Detailed description
We will test whether 1) pediatrician-patient communication regarding overweight status, behavior/risk-factor counseling, and the frequency and time to next follow-up visit, compared with either no communication or incomplete communication (communicating only high weight status without behavior/risk-factor counseling or a follow-up visit) will predict improvement in weight status at one year follow-up, and 2) during pediatrician-patient communication regarding weight and weight management, higher patient-centeredness will predict improvement in weight status at one year follow-up. The communication content identified will generate new information about the most effective content and style of pediatrician-patient communication that predict weight-status improvement.
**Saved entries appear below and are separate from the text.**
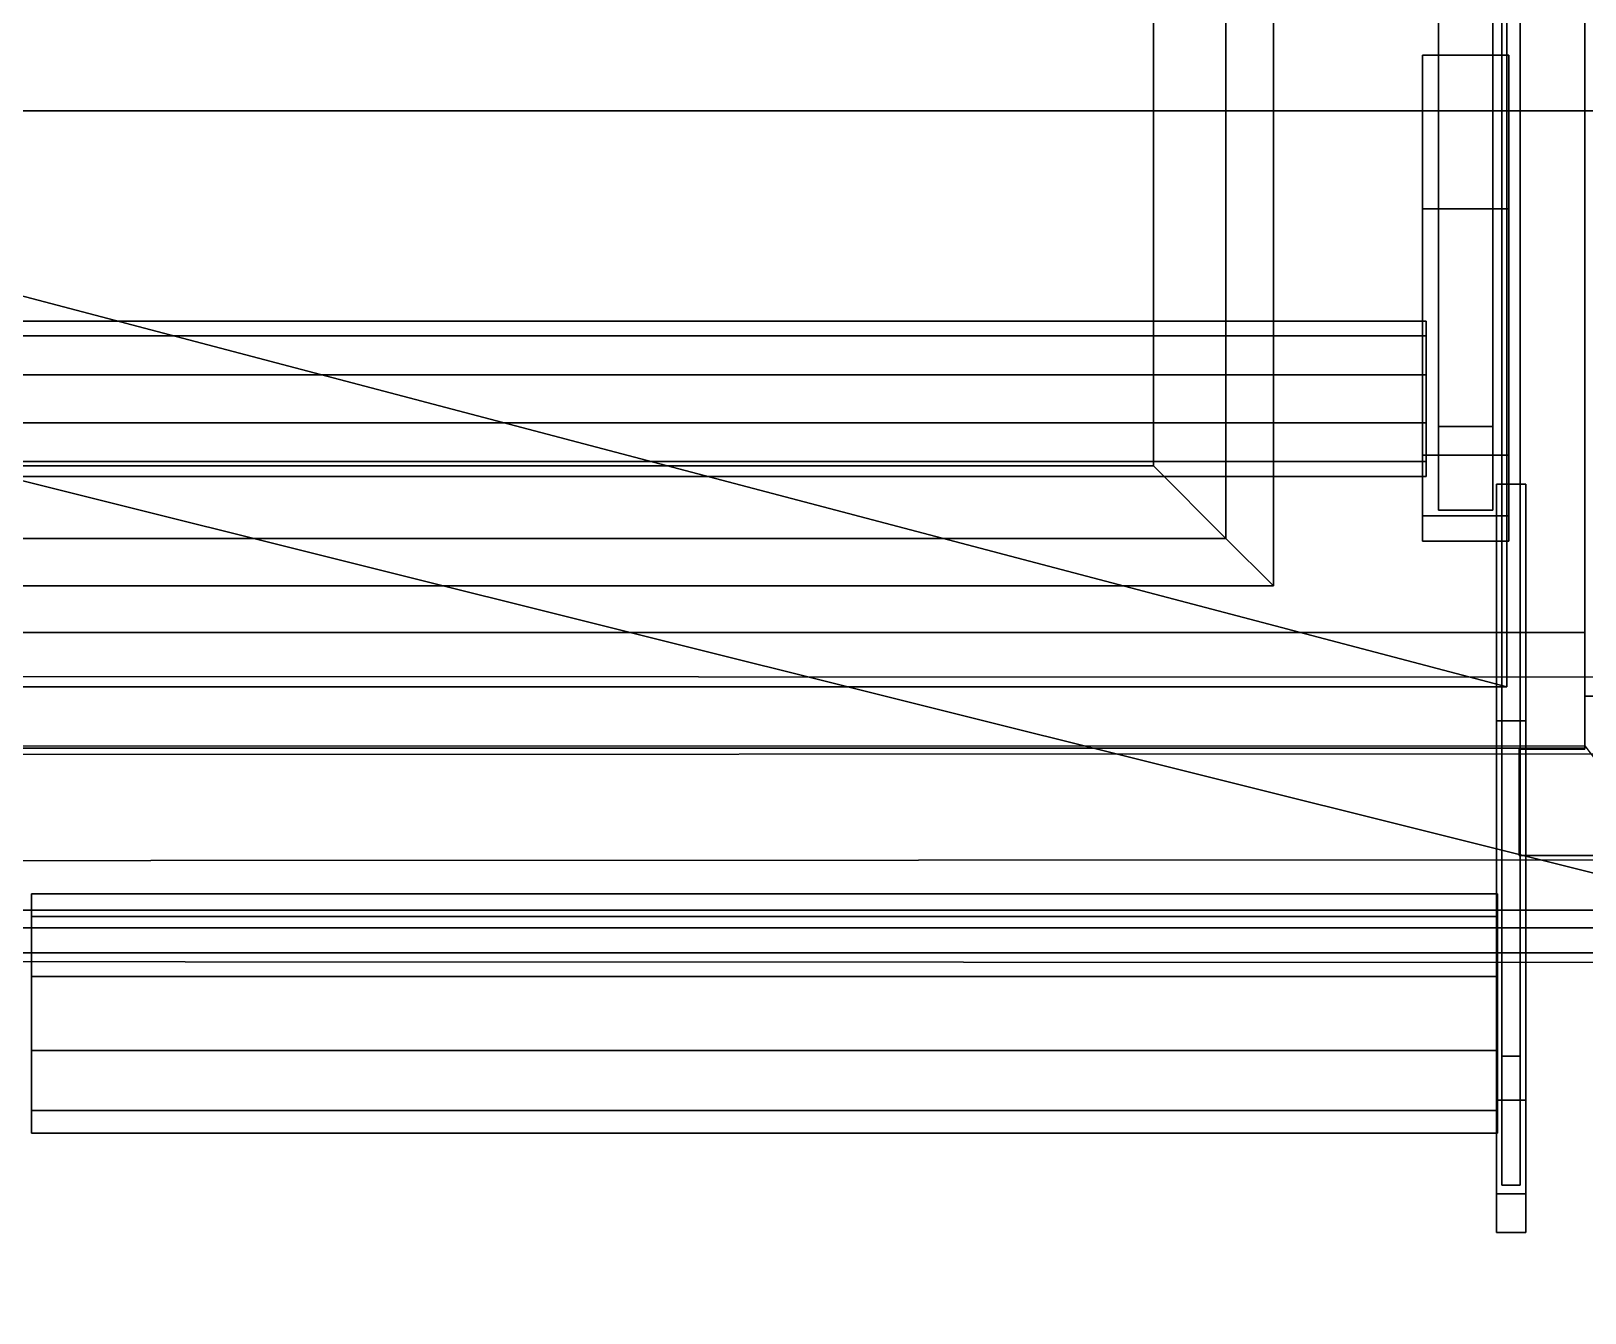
# Model space of a CAD drawing. Extents: x -7.1 to 8.3, y -8 to 8.
# Drawn here: x 0.801 to 2.262, y -4.754 to -3.549 of the extents above; entities that cross this region are included whole.
import ezdxf

# ---------------------------------------------------------------- set-up
doc = ezdxf.new("R2010")
doc.units = 0

msp = doc.modelspace()

# ---------------------------------------------------------------- linework, layer by layer
for points in [[(7.8057, 8), (-6.5579, 8), (7.8057, -8)], [(-6.5579, -8), (7.8057, -8), (-6.5579, 8)], [(7.8057, 8, -0.7914), (7.8057, -8, -0.7914), (-6.5579, -8, -0.7914)], [(-6.5579, -8, -0.7914), (-6.5579, 8, -0.7914), (7.8057, 8, -0.7914)], [(-3.2991, 4.2917, 0.1161), (-3.3991, -4.392, 0.1161), (5.2009, -4.392, 0.1161), (5.2009, 4.2917, 0.1161)], [(-1.7862, 2.5096, 2.8378), (4.684, 2.5096, 2.8378), (1.856, -2.5371, 2.8378), (-1.7862, -3.9576, 2.8378)], [(-1.7862, -3.9576, 2.8378), (1.856, -2.5371, 2.8378), (1.856, -3.9576, 2.8378)], [(1.856, -3.9576, 2.8378), (1.856, -2.5371, 2.8378), (1.9241, -2.6052, 2.8048), (1.9241, -4.0258, 2.8048)], [(1.9241, -4.0258, 2.8048), (1.9241, -2.6052, 2.8048), (1.9689, -2.65, 2.7249), (1.9689, -4.0705, 2.7249)], [(1.9689, -2.65, 2.7249), (1.9689, -2.65, 0.1161), (1.9689, -4.0705, 0.1161), (1.9689, -4.0705, 2.7249)], [(2.1881, -4.1654, 6.1661), (2.1881, -2.9443, 6.1661), (-2.0434, -2.9443, 6.1661), (-2.0434, -3.0514, 6.1661)], [(2.1881, -2.9443, 8.0223), (2.1881, -4.1654, 8.0223), (-2.0434, -3.0514, 8.0223)], [(2.1881, -2.9443, 8.0223), (2.1881, -2.9443, 6.1661), (2.1881, -4.1654, 6.1661), (2.1881, -4.1654, 8.0223)], [(-3.3379, -4.3754, 8.1595), (2.4094, -4.3754, 8.1595), (-3.0991, -3, 8.1595)], [(-2.0991, -3, 6.0161), (2.2617, -3, 6.0161), (2.2617, -4.1143, 6.0161), (-3.1928, -4.1143, 6.0161)], [(2.2617, -3, 3.1661), (-2.0991, -3, 3.1661), (-3.1928, -4.2232, 3.1661), (2.2617, -4.2232, 3.1661)], [(2.4094, -4.3754, 8.1595), (2.4094, -3, 8.1595), (-3.0991, -3, 8.1595)], [(2.1239, -3.9994, 7.99), (2.1239, -3.9205, 8.0536), (2.1239, -3.0037, 8.0536), (2.1239, -3.0037, 7.99)], [(2.1239, -3.0037, 8.0536), (2.1239, -3.9205, 8.0536), (2.1751, -3.9205, 8.0536), (2.1751, -3.0037, 8.0536)], [(2.1239, -3.0037, 7.99), (2.1751, -3.0037, 7.99), (2.1751, -3.9994, 7.99), (2.1239, -3.9994, 7.99)], [(2.1751, -3.0037, 7.99), (2.1751, -3.0037, 8.0536), (2.1751, -3.9205, 8.0536), (2.1751, -3.9994, 7.99)], [(2.2617, -3, 0.1161), (2.2617, -3, 3.1661), (2.2617, -4.2232, 3.1661), (2.2617, -4.2232, 0.1161)], [(2.2617, -3, 6.0161), (2.2617, -4.2232, 6.1661), (2.2617, -4.2232, 6.1249), (2.2617, -4.1143, 6.0161)], [(2.2617, -3, 6.0161), (2.2617, -3, 8.1061), (2.2617, -4.2232, 8.1061), (2.2617, -4.2232, 6.1661)], [(-2.0434, -3.0514, 6.1661), (-3.1698, -3.0514, 6.1661), (-3.1698, -4.1654, 6.1661), (2.1881, -4.1654, 6.1661)], [(-2.0434, -3.0514, 8.0223), (2.1881, -4.1654, 8.0223), (-3.1698, -4.1654, 8.0223)], [(2.1835, -4.634, 5.9606), (2.1835, -4.5125, 6.0587), (2.1835, -3.0999, 6.0587), (2.1835, -3.0999, 5.9606)], [(2.1835, -3.0999, 6.0587), (2.1835, -4.5125, 6.0587), (2.2009, -4.5125, 6.0587), (2.2009, -3.0999, 6.0587)], [(2.1835, -3.0999, 5.9606), (2.2009, -3.0999, 5.9606), (2.2009, -4.634, 5.9606), (2.1835, -4.634, 5.9606)], [(2.2009, -3.0999, 5.9606), (2.2009, -3.0999, 6.0587), (2.2009, -4.5125, 6.0587), (2.2009, -4.634, 5.9606)], [(3.965, -3.4158, 12.0661), (-2.1453, -3.4158, 12.0661), (-2.3279, -4.2291, 12.0645), (5.2602, -4.2283, 12.0671)], [(5.1775, -4.1564, 11.965), (-2.3216, -4.1556, 11.9676), (-2.1453, -3.4158, 11.9661), (3.965, -3.4158, 11.9661)], [(0.7345, -3.6239, 11.9216), (0.7345, -3.4882, 11.9216), (4.5766, -3.4882, 11.9216), (4.8409, -3.6239, 11.9216)], [(4.8409, -3.6239, 12.1077), (4.8409, -3.4882, 12.1077), (0.7345, -3.4882, 12.1077), (0.7345, -3.6239, 12.1077)], [(2.109, -3.7161, 7.6858), (2.109, -4.0283, 7.99), (2.109, -3.5715, 7.99)], [(2.109, -3.5715, 7.99), (2.19, -3.5715, 7.99), (2.19, -3.7161, 7.6858), (2.109, -3.7161, 7.6858)], [(2.109, -4.0283, 7.99), (2.19, -4.0283, 7.99), (2.19, -3.5715, 7.99), (2.109, -3.5715, 7.99)], [(2.19, -3.5715, 7.99), (2.19, -4.0283, 7.99), (2.19, -3.7161, 7.6858)], [(0.7345, -3.6239, 11.9216), (4.8409, -3.6239, 11.9216), (4.8409, -3.6239, 12.1077), (0.7345, -3.6239, 12.1077)], [(2.19, -3.9475, 7.6858), (2.109, -3.9475, 7.6858), (2.109, -3.7161, 7.6858), (2.19, -3.7161, 7.6858)], [(2.109, -3.7161, 7.6858), (2.109, -3.9475, 7.6858), (2.109, -4.0283, 7.99)], [(2.19, -3.7161, 7.6858), (2.19, -4.0283, 7.99), (2.19, -3.9475, 7.6858)], [(-1.9423, -3.8215, 7.89), (2.1124, -3.8215, 7.89), (2.1124, -3.8355, 7.847), (-1.9423, -3.8355, 7.847)], [(-1.9423, -3.8355, 7.9329), (2.1124, -3.8355, 7.9329), (2.1124, -3.8215, 7.89), (-1.9423, -3.8215, 7.89)], [(-1.9423, -3.8355, 7.847), (2.1124, -3.8355, 7.847), (2.1124, -3.872, 7.8205), (-1.9423, -3.872, 7.8205)], [(-1.9423, -3.872, 7.9595), (2.1124, -3.872, 7.9595), (2.1124, -3.8355, 7.9329), (-1.9423, -3.8355, 7.9329)], [(-1.9423, -3.872, 7.8205), (2.1124, -3.872, 7.8205), (2.1124, -3.9171, 7.8205), (-1.9423, -3.9171, 7.8205)], [(-1.9423, -3.9171, 7.9595), (2.1124, -3.9171, 7.9595), (2.1124, -3.872, 7.9595), (-1.9423, -3.872, 7.9595)], [(-1.9423, -3.9171, 7.8205), (2.1124, -3.9171, 7.8205), (2.1124, -3.9537, 7.847), (-1.9423, -3.9537, 7.847)], [(-1.9423, -3.9537, 7.9329), (2.1124, -3.9537, 7.9329), (2.1124, -3.9171, 7.9595), (-1.9423, -3.9171, 7.9595)], [(2.1751, -3.9994, 7.99), (2.1751, -3.9205, 8.0536), (2.1239, -3.9205, 8.0536), (2.1239, -3.9994, 7.99)], [(-1.9423, -3.9537, 7.847), (2.1124, -3.9537, 7.847), (2.1124, -3.9676, 7.89), (-1.9423, -3.9676, 7.89)], [(-1.9423, -3.9676, 7.89), (2.1124, -3.9676, 7.89), (2.1124, -3.9537, 7.9329), (-1.9423, -3.9537, 7.9329)], [(1.9241, -4.0258, 2.8048), (-1.8544, -4.0258, 2.8048), (-1.7862, -3.9576, 2.8378), (1.856, -3.9576, 2.8378)], [(2.109, -3.9475, 7.6858), (2.19, -3.9475, 7.6858), (2.19, -4.0046, 7.7094), (2.109, -4.0046, 7.7094)], [(2.109, -4.0283, 7.99), (2.109, -3.9475, 7.6858), (2.109, -4.0283, 7.7666)], [(2.109, -3.9475, 7.6858), (2.109, -4.0046, 7.7094), (2.109, -4.0283, 7.7666)], [(2.19, -4.0283, 7.99), (2.19, -4.0283, 7.7666), (2.19, -3.9475, 7.6858)], [(2.19, -4.0283, 7.7666), (2.19, -4.0046, 7.7094), (2.19, -3.9475, 7.6858)], [(2.1784, -4.1975, 5.4919), (2.1784, -4.6785, 5.9606), (2.1784, -3.9748, 5.9606)], [(2.1784, -3.9748, 5.9606), (2.206, -3.9748, 5.9606), (2.206, -4.1975, 5.4919), (2.1784, -4.1975, 5.4919)], [(2.1784, -4.6785, 5.9606), (2.206, -4.6785, 5.9606), (2.206, -3.9748, 5.9606), (2.1784, -3.9748, 5.9606)], [(2.206, -3.9748, 5.9606), (2.206, -4.6785, 5.9606), (2.206, -4.1975, 5.4919)], [(2.109, -4.0046, 7.7094), (2.19, -4.0046, 7.7094), (2.19, -4.0283, 7.7666), (2.109, -4.0283, 7.7666)], [(1.9689, -4.0705, 2.7249), (-1.8991, -4.0705, 2.7249), (-1.8544, -4.0258, 2.8048), (1.9241, -4.0258, 2.8048)], [(2.109, -4.0283, 7.99), (2.109, -4.0283, 7.7666), (2.19, -4.0283, 7.7666), (2.19, -4.0283, 7.99)], [(-1.8991, -4.0705, 0.1161), (-1.8991, -4.0705, 2.7249), (1.9689, -4.0705, 2.7249), (1.9689, -4.0705, 0.1161)], [(2.2617, -4.2232, 6.1249), (-3.1928, -4.2232, 6.1249), (-3.1928, -4.1143, 6.0161), (2.2617, -4.1143, 6.0161)], [(-2.3216, -4.1556, 11.9676), (5.1775, -4.1564, 11.965), (5.2457, -4.3267, 11.3955), (-2.6978, -4.3301, 11.3969)], [(-3.1698, -4.1654, 6.1661), (-3.1698, -4.1654, 8.0223), (2.1881, -4.1654, 8.0223), (2.1881, -4.1654, 6.1661)], [(2.2617, -4.2241, 0.1161), (2.2617, -4.2241, 8.1046), (2.2617, -4.1741, 8.1046), (2.2617, -4.1741, 0.1161)], [(2.2617, -4.1741, 0.1161), (2.2617, -4.1741, 8.1046), (2.35, -4.1741, 8.1046), (2.35, -4.1741, 0.1161)], [(2.206, -4.5541, 5.4919), (2.1784, -4.5541, 5.4919), (2.1784, -4.1975, 5.4919), (2.206, -4.1975, 5.4919)], [(2.1784, -4.1975, 5.4919), (2.1784, -4.5541, 5.4919), (2.1784, -4.6785, 5.9606)], [(2.206, -4.1975, 5.4919), (2.206, -4.6785, 5.9606), (2.206, -4.5541, 5.4919)], [(-3.1902, -4.221, 8.1061), (2.2617, -4.221, 8.1061), (2.4094, -4.4153, 8.1061), (-3.3379, -4.4153, 8.1061)], [(2.2617, -4.2232, 6.1661), (2.2617, -4.2232, 8.1061), (-3.1928, -4.2232, 8.1061), (-3.1928, -4.2232, 6.1661)], [(2.2617, -4.2232, 6.1249), (2.2617, -4.2232, 6.1661), (-3.1928, -4.2232, 6.1661), (-3.1928, -4.2232, 6.1249)], [(2.2617, -4.2232, 0.1161), (2.2617, -4.2232, 3.1661), (-3.1928, -4.2232, 3.1661), (-3.1928, -4.2232, 0.1161)], [(-2.7134, -4.4225, 11.4352), (5.3359, -4.4259, 11.4367), (5.2602, -4.2283, 12.0671), (-2.3279, -4.2291, 12.0645)], [(2.2617, -4.2241, 8.1046), (2.2617, -4.2241, 0.1161), (2.2, -4.2241, 0.1161), (2.2, -4.2241, 8.1046)], [(2.2, -4.2241, 8.1046), (2.2, -4.2241, 0.1161), (2.2, -4.3241, 0.1161), (2.2, -4.3241, 8.1046)], [(2.2, -4.3241, 8.1046), (2.2, -4.3241, 0.1161), (2.35, -4.3241, 0.1161), (2.35, -4.3241, 8.1046)], [(-2.6978, -4.3301, 11.3969), (5.2457, -4.3267, 11.3955), (5.3359, -4.4259, 11.4367), (-2.7134, -4.4225, 11.4352)], [(0.8009, -4.3599, 5.8066), (2.1796, -4.3599, 5.8066), (2.1796, -4.3814, 5.7404), (0.8009, -4.3814, 5.7404)], [(0.8009, -4.3814, 5.8727), (2.1796, -4.3814, 5.8727), (2.1796, -4.3599, 5.8066), (0.8009, -4.3599, 5.8066)], [(2.4094, -4.4153, 8.1061), (2.4094, -4.3754, 8.1595), (-3.3379, -4.3754, 8.1595), (-3.3379, -4.4153, 8.1061)], [(0.8009, -4.3814, 5.7404), (2.1796, -4.3814, 5.7404), (2.1796, -4.4377, 5.6995), (0.8009, -4.4377, 5.6995)], [(0.8009, -4.4377, 5.9136), (2.1796, -4.4377, 5.9136), (2.1796, -4.3814, 5.8727), (0.8009, -4.3814, 5.8727)], [(5.2009, -4.392, 0.1161), (-3.3991, -4.392, 0.1161), (-3.3991, -4.392, 0.0161), (5.2009, -4.392, 0.0161)], [(0.8009, -4.4377, 5.6995), (2.1796, -4.4377, 5.6995), (2.1796, -4.5073, 5.6995), (0.8009, -4.5073, 5.6995)], [(0.8009, -4.5073, 5.9136), (2.1796, -4.5073, 5.9136), (2.1796, -4.4377, 5.9136), (0.8009, -4.4377, 5.9136)], [(0.8009, -4.5073, 5.6995), (2.1796, -4.5073, 5.6995), (2.1796, -4.5636, 5.7404), (0.8009, -4.5636, 5.7404)], [(0.8009, -4.5636, 5.8727), (2.1796, -4.5636, 5.8727), (2.1796, -4.5073, 5.9136), (0.8009, -4.5073, 5.9136)], [(2.2009, -4.634, 5.9606), (2.2009, -4.5125, 6.0587), (2.1835, -4.5125, 6.0587), (2.1835, -4.634, 5.9606)], [(2.1784, -4.5541, 5.4919), (2.206, -4.5541, 5.4919), (2.206, -4.6421, 5.5284), (2.1784, -4.6421, 5.5284)], [(2.1784, -4.6785, 5.9606), (2.1784, -4.5541, 5.4919), (2.1784, -4.6785, 5.6164)], [(2.1784, -4.5541, 5.4919), (2.1784, -4.6421, 5.5284), (2.1784, -4.6785, 5.6164)], [(2.206, -4.6785, 5.9606), (2.206, -4.6785, 5.6164), (2.206, -4.5541, 5.4919)], [(2.206, -4.6785, 5.6164), (2.206, -4.6421, 5.5284), (2.206, -4.5541, 5.4919)], [(0.8009, -4.5636, 5.7404), (2.1796, -4.5636, 5.7404), (2.1796, -4.5851, 5.8066), (0.8009, -4.5851, 5.8066)], [(0.8009, -4.5851, 5.8066), (2.1796, -4.5851, 5.8066), (2.1796, -4.5636, 5.8727), (0.8009, -4.5636, 5.8727)], [(2.1784, -4.6421, 5.5284), (2.206, -4.6421, 5.5284), (2.206, -4.6785, 5.6164), (2.1784, -4.6785, 5.6164)], [(2.1784, -4.6785, 5.9606), (2.1784, -4.6785, 5.6164), (2.206, -4.6785, 5.6164), (2.206, -4.6785, 5.9606)]]:
    msp.add_3dface(points)

doc.saveas('drawing.dxf')

Because we prospectively will examine clinical practice elements in the one-year interval between well-child visits, acknowledging that communication regarding high weight status may initiate assessment of risk factors for heart disease (such as high cholesterol and blood sugar), more frequent follow-up visits, or prompt a nutrition referral, we will generate novel information about the most effective clinical practices and follow-up interval and frequency that predict weight-status improvement in overweight children. We also will examine if the content and style of communication are related to improvements in diet and lifestyle behaviors at one-year follow-up.
Conditions
Interventions
| Type | Name | Description |
|---|---|---|
| OTHER | Communication regarding overweight status | Pediatrician-patient/parent communication regarding child's high weight status |
| OTHER | Risk-factor assessment and counseling | Counseling regarding cardiovascular risk factor assessments/results. |
| OTHER | Lifestyle behavior assessment and counseling | Counseling regarding diet and lifestyle changes to improve weight status. |
| OTHER | Interval follow-up to readdress weight | Interval follow-up to readdress weight, prior to the next well-child visit one year later. Follow-up could include ongoing care through nutrition and/or an intensive weight-management program. |
| OTHER | Patient-centered communication | Patient-centered communication will be scored as the ratio of patient to doctor-centered communication regarding weight topics. Means will be calculated for total and weight-communication-specific pediatrician, child, and parent-talk time, and patient, doctor, and the ratio of patient/doctor-centered communication scores. For the primary hypothesis, biomedical information-giving (for example, risk-factor communication) will be treated as patient-centered because the principal investigator's focus groups suggest that parents want this information, and prior research suggests that including biomedical-information giving improves the correlation of Roter's patient-centeredness measure with patient health status and satisfaction scores. |
Timeline
- Start date
- 2014-10-14
- Primary completion
- 2016-08-05
- Completion
- 2017-08-10
- First posted
- 2014-10-29
- Last updated
- 2020-05-19
Locations
1 site across 1 country: United States
Source: ClinicalTrials.gov record NCT02277899. Inclusion in this directory is not an endorsement.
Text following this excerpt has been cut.